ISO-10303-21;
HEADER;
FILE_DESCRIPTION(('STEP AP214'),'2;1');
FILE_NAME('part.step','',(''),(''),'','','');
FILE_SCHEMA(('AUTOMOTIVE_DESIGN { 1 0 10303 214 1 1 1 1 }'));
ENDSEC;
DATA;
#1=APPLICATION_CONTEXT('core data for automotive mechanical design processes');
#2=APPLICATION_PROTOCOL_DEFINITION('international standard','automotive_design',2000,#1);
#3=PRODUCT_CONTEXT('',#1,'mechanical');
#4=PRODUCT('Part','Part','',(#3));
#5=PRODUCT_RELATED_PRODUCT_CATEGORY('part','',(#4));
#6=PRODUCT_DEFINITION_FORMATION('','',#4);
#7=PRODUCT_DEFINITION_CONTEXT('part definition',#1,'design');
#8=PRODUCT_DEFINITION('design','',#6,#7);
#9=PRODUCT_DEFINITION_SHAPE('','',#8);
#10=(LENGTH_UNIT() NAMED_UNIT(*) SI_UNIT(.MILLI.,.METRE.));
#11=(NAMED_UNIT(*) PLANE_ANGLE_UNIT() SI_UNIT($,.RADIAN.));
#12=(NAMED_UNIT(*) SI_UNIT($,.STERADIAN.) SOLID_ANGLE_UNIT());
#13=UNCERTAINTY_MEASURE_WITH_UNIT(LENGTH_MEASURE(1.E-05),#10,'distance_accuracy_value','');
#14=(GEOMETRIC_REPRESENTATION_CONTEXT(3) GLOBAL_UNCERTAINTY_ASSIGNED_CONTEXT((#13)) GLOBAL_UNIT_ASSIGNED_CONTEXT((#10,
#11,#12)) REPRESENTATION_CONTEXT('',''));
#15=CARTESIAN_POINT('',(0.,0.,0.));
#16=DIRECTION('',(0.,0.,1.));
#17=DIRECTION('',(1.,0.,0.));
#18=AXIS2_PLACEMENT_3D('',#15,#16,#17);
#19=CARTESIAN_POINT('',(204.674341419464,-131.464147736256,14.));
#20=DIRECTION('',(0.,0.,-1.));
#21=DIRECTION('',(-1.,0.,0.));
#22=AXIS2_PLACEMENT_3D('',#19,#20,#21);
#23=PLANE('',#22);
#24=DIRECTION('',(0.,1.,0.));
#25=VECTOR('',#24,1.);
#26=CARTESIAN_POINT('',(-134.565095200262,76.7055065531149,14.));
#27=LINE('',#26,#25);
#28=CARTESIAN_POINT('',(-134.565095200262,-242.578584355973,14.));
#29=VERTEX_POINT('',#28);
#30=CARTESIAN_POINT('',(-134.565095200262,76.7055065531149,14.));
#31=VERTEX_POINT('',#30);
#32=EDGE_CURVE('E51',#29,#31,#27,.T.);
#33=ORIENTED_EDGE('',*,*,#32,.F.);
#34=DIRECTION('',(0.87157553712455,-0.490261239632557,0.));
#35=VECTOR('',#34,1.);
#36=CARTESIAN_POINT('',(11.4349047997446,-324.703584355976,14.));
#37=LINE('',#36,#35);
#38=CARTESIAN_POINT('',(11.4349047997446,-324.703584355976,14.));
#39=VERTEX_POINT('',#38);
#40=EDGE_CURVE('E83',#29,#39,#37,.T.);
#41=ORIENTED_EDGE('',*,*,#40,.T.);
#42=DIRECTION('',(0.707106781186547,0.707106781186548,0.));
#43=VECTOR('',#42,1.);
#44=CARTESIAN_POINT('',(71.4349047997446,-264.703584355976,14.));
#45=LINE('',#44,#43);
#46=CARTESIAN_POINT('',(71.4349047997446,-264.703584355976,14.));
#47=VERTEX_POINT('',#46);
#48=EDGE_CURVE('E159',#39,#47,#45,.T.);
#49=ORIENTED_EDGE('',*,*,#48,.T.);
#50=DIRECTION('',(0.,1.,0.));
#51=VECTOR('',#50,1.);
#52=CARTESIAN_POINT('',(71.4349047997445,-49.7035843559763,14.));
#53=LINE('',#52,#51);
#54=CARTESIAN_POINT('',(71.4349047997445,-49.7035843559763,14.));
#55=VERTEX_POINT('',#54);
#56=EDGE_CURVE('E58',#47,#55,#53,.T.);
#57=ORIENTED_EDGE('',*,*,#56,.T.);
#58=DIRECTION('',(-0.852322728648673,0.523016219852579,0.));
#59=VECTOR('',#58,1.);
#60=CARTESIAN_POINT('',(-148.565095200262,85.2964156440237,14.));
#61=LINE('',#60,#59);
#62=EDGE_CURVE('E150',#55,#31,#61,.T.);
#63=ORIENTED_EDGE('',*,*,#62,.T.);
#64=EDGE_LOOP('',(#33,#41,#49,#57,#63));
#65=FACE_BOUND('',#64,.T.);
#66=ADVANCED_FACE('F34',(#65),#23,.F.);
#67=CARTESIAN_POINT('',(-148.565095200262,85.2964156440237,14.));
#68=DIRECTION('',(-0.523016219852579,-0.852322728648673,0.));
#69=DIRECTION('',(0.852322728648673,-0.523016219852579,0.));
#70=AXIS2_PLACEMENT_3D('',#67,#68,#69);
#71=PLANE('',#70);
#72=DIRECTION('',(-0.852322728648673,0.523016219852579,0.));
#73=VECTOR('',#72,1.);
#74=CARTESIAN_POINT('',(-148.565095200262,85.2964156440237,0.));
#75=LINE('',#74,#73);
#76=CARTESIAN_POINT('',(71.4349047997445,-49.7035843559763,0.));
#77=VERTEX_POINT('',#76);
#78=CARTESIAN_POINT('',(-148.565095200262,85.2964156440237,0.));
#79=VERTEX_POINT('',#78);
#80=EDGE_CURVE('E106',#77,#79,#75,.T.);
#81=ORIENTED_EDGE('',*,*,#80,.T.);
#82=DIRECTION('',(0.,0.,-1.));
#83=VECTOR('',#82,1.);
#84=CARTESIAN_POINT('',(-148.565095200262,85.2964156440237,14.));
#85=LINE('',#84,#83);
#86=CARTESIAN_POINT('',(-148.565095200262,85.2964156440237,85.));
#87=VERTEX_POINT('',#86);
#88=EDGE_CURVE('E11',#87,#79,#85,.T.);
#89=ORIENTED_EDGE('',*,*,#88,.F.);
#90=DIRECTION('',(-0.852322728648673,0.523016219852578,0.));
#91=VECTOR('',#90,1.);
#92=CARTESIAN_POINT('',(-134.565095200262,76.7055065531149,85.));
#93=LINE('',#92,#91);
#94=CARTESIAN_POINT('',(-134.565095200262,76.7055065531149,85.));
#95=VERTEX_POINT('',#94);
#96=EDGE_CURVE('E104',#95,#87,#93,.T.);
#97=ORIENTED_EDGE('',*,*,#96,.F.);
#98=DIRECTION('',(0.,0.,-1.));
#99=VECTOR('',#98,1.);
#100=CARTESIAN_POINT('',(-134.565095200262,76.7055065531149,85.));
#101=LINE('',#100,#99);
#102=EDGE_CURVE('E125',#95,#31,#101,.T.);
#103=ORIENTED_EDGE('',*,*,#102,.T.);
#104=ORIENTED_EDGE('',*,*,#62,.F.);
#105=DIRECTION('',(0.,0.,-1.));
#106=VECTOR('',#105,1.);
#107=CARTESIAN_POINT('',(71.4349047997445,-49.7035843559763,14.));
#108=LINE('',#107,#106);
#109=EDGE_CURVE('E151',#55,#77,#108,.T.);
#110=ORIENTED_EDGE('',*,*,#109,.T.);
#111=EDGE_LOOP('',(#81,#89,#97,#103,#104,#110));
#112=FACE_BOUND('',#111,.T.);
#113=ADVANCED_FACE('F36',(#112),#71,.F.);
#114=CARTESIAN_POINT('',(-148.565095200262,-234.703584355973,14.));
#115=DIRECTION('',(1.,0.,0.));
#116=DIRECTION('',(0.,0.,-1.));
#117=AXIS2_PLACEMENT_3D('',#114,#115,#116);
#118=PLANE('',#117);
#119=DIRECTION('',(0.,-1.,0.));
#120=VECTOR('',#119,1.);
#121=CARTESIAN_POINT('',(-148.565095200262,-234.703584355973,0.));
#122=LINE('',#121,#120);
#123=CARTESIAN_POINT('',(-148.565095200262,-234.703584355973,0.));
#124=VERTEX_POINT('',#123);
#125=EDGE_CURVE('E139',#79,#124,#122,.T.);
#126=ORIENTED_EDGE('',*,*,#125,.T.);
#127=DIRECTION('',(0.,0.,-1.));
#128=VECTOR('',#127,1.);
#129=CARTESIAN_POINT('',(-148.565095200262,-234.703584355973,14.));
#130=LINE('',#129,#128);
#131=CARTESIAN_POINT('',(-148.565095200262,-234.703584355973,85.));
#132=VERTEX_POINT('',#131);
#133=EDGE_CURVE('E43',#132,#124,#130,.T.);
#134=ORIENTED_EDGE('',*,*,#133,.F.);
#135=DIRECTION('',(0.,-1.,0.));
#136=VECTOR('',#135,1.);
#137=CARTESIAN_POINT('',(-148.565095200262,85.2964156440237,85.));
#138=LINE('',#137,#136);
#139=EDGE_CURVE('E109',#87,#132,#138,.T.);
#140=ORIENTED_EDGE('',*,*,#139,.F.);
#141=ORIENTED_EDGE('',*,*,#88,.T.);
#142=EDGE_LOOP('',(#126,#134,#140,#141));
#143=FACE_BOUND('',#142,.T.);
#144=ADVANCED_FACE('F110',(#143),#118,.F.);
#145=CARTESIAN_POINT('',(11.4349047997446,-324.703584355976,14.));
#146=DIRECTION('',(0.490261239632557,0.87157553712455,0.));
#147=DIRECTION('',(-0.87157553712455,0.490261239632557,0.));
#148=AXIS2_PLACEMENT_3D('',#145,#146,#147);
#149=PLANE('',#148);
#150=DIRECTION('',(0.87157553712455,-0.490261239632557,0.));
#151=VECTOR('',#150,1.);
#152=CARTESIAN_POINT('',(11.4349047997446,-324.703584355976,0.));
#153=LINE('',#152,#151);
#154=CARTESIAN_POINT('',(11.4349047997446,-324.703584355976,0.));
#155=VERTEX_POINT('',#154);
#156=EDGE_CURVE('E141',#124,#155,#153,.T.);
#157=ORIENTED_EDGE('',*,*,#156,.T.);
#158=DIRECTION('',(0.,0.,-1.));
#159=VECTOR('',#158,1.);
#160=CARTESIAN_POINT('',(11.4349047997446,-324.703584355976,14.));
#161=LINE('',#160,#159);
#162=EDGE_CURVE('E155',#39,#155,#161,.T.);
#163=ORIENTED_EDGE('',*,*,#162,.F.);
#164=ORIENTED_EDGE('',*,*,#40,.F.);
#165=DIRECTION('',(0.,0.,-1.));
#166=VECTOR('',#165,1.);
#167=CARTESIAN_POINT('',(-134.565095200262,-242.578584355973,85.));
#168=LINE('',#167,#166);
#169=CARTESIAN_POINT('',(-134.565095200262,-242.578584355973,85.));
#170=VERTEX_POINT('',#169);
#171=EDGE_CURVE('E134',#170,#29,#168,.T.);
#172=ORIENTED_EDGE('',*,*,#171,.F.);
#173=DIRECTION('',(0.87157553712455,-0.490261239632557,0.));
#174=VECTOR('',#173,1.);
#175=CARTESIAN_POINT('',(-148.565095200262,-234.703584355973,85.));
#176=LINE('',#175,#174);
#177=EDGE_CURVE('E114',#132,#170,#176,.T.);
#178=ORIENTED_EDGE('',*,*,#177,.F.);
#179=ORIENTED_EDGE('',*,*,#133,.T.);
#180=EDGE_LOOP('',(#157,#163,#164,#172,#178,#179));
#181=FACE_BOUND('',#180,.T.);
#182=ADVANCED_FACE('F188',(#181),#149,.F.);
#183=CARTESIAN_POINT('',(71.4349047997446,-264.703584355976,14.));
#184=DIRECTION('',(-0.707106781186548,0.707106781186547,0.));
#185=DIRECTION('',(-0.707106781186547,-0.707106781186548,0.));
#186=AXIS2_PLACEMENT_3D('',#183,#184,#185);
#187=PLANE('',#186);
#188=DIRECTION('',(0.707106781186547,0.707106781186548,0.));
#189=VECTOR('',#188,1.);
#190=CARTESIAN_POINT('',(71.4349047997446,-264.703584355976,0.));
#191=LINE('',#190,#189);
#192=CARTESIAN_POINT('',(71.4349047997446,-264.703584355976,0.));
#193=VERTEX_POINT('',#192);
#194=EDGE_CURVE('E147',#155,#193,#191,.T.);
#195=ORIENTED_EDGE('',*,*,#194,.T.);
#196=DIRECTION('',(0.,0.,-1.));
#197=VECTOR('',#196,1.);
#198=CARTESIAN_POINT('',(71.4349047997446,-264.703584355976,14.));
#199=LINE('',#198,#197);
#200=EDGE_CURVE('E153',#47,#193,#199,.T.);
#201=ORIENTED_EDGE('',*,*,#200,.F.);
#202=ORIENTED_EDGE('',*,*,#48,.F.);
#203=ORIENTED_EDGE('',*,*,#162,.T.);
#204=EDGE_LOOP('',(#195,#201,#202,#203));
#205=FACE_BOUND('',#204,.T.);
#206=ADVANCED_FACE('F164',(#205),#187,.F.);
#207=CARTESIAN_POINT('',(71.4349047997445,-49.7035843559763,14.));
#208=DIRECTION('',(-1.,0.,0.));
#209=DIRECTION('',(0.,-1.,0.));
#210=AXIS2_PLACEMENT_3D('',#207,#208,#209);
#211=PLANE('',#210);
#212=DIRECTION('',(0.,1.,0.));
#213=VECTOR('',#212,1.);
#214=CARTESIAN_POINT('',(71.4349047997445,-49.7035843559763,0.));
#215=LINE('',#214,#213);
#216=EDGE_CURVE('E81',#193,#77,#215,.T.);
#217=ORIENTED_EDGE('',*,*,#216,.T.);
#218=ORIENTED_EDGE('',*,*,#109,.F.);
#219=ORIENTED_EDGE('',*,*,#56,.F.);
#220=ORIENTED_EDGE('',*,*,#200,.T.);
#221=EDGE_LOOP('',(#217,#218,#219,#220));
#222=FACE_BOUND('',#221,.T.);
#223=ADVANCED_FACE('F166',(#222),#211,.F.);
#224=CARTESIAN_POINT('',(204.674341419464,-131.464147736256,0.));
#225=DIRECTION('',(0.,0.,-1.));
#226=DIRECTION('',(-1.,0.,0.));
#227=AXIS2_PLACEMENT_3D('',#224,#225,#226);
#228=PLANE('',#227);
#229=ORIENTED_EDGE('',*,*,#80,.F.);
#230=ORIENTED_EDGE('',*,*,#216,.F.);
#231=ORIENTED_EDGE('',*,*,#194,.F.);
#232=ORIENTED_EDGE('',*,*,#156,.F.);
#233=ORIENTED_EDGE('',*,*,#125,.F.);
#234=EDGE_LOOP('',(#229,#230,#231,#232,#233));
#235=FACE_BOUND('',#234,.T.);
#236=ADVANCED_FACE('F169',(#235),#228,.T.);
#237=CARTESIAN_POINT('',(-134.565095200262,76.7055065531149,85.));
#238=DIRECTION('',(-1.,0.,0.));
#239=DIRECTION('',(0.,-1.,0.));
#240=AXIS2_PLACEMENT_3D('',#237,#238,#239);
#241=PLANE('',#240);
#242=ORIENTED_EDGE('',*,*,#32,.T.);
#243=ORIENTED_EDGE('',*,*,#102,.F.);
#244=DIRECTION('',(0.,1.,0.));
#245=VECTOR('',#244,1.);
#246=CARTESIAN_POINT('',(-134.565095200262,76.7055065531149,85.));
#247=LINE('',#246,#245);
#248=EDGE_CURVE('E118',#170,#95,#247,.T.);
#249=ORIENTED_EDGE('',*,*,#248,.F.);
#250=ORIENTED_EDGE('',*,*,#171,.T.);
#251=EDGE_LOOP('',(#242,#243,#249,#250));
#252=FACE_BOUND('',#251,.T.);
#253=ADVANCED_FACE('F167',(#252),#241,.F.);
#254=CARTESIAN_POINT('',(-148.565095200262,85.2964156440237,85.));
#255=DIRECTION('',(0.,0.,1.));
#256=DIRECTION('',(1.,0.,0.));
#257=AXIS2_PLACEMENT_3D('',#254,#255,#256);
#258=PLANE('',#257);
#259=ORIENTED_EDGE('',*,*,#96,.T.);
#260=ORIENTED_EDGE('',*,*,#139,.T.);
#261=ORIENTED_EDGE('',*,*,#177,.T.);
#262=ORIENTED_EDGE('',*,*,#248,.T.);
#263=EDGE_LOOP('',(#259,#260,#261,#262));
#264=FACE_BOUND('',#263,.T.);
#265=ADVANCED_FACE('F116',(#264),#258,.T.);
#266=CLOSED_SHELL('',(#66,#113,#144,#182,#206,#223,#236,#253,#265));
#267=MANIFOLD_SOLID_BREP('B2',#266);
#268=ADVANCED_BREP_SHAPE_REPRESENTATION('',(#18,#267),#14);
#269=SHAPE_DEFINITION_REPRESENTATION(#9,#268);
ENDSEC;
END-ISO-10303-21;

◆ Brief
Within the data above, the lines from the one with "#77=VERTEX_POINT('',#76);" to the one with "#90=DIRECTION('',(-0.852322728648673,0.523016219852578,0.));" must be repeated exactly; no other line belongs in the answer.

◆ Answer
#77=VERTEX_POINT('',#76);
#78=CARTESIAN_POINT('',(-148.565095200262,85.2964156440237,0.));
#79=VERTEX_POINT('',#78);
#80=EDGE_CURVE('E106',#77,#79,#75,.T.);
#81=ORIENTED_EDGE('',*,*,#80,.T.);
#82=DIRECTION('',(0.,0.,-1.));
#83=VECTOR('',#82,1.);
#84=CARTESIAN_POINT('',(-148.565095200262,85.2964156440237,14.));
#85=LINE('',#84,#83);
#86=CARTESIAN_POINT('',(-148.565095200262,85.2964156440237,85.));
#87=VERTEX_POINT('',#86);
#88=EDGE_CURVE('E11',#87,#79,#85,.T.);
#89=ORIENTED_EDGE('',*,*,#88,.F.);
#90=DIRECTION('',(-0.852322728648673,0.523016219852578,0.));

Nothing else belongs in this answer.